第二部分研究紅色螢光材料Ba2SrWO6在摻雜不同Mn4+離子濃度後，對於晶體結構及光譜特性之影響。首先透過XRD、SEM與Raman光譜分析發現濃度改變並不會對於晶相、表面形貌與振動模態有太大影響，另外其放射光強度會隨著濃度變化而改變，最佳放射波長與濃度分別落在693 nm與0.6 mol%，而本研究探討活化劑中濃度淬滅機制，發現主要由電多極交互作用中偶極-偶極力所主導，最後利用公式計算出螢光材料之CIE色度座標為(0.7238, 0.2762)，色純度為97.5%，證實成功製備出深紅色螢光材料Ba2SrWO6:Mn4+。
第三部分將紅色螢光材料Ba2SrWO6:Mn4+共摻雜Dy3+離子後，形成白光螢光材料Ba2SrWO6:Mn4+/ Dy3+，以325nm作為激發光源下，最佳Dy3+離子濃度落在1.8mol%，接著同樣利用公式計算出CIE色度座標為(0.4263, 0.3778)，色溫(CCT)為3064K，落在暖白光區域，並利用改變Dy3+離子濃度，達到調節白光色溫之效果。接著探討共摻雜兩活化劑間能量轉移之情況，透過上述分析發現Mn4+離子激發光譜與Dy3+離子放射光譜有重疊之現象，初步預測兩活化劑將產生能量轉移之現象，最終本研究將單摻雜Mn4+離子與共摻雜Mn4+/Dy3+離子之放射光譜作對比，發現共摻雜Dy3+後，放射光強度有上升之現象，因此證實兩者活化劑間發生能量轉移之現象。

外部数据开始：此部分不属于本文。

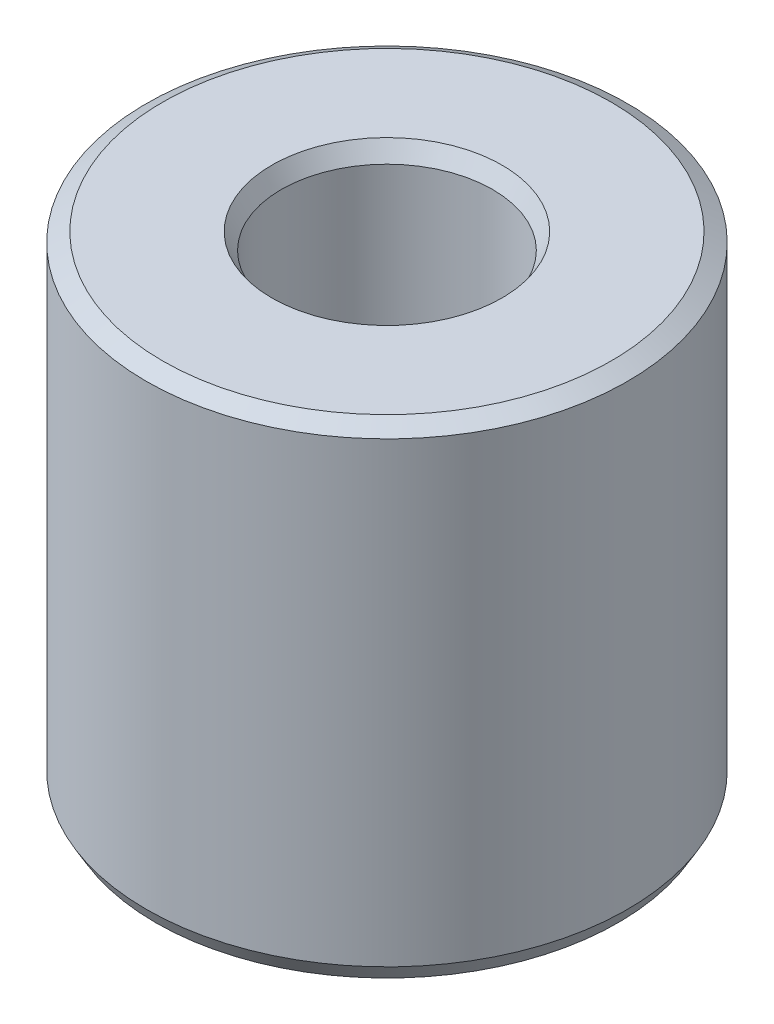
SolidWorks part; units mm, degrees
ref_plane "Front Plane" through (0, 0, 0) normal (0, 0, 1) x (1, 0, 0)
ref_plane "Top Plane" through (0, 0, 0) normal (0, 1, 0) x (1, 0, 0)
ref_plane "Right Plane" through (0, 0, 0) normal (1, 0, 0) x (0, 0, -1)
sketch "Sketch1" plane through (0, 0, 0) normal (0, 1, 0) x (1, 0, 0)
  circle A0 centre (0, 0) radius 7.5
  dimension "SLEEVE_OD" = 15
extrude "Boss-Extrude1" add sketch "Sketch1" along normal blind 15.0571
sketch "Sketch2" plane through (0, 0, 0) normal (0, 1, 0) x (1, 0, 0)
  circle A0 centre (0, 0) radius 3.2936
  dimension "BORE_D" = 6.5873
extrude "Cut-Extrude1" cut sketch "Sketch2" along normal through all
chamfer "Chamfer1" distance 0.2945 angle 60 4 edges at (0, 15.0571, 3.2936) (0, 0, 3.2936) (0, 0, 7.5) (0, 15.0571, 7.5) first distance on face at (0, 15.0571, 3.2936) first distance on face at (0, 0, 3.2936) first distance on face at (0, 15.0571, 7.5)

A novel deep red-light phosphor of Ba2SrWO6:Mn4+ with double-perovskite structure was synthesized by a high temperature solid state reaction method. In addition, we codoped with Dy3+ ion to form white-light phosphors of Ba2SrWO6:Mn4+/Dy3+. The excitation spectrum of BSWO:Mn4+ and BSWO:Mn4+/Dy3+ were both in the wavelength range of 250nm to 550 nm. Under 325nm excitation, the sample of BSWO:Mn4+ phosphor show deep red emission peak at 693 nm owing to the 2Eg → 4A2g transition of Mn4+ ions. Meanwhile, the white-light phosphor of BSWO:Mn4+/Dy3+ displayed a wide emission band, consisted of the blue emission at 492nm owing to 4F9/2 → 6H15/2 ,the yellow emission at 582nm owing to 4F9/2 → 6H13/2 and the red emission at 693nm. After we verified by a series of experiments, the optimum concentration of Mn4+ and Dy3+ ions were 0.6mol% and 1.8mol%. The CIE chromaticity coordinate of BSWO:Mn4+ was located at (0.7238, 0.2762) where was in the deep-red-light region. Moreover, we changed the concentration of Dy3+ ions and tuned the CIE chromaticity coordinate from white light (0.3365, 0.3493) to warm-white light (0.4263, 0.3778). Therefore, it was suitable for applying for warm white-light-emitting diodes.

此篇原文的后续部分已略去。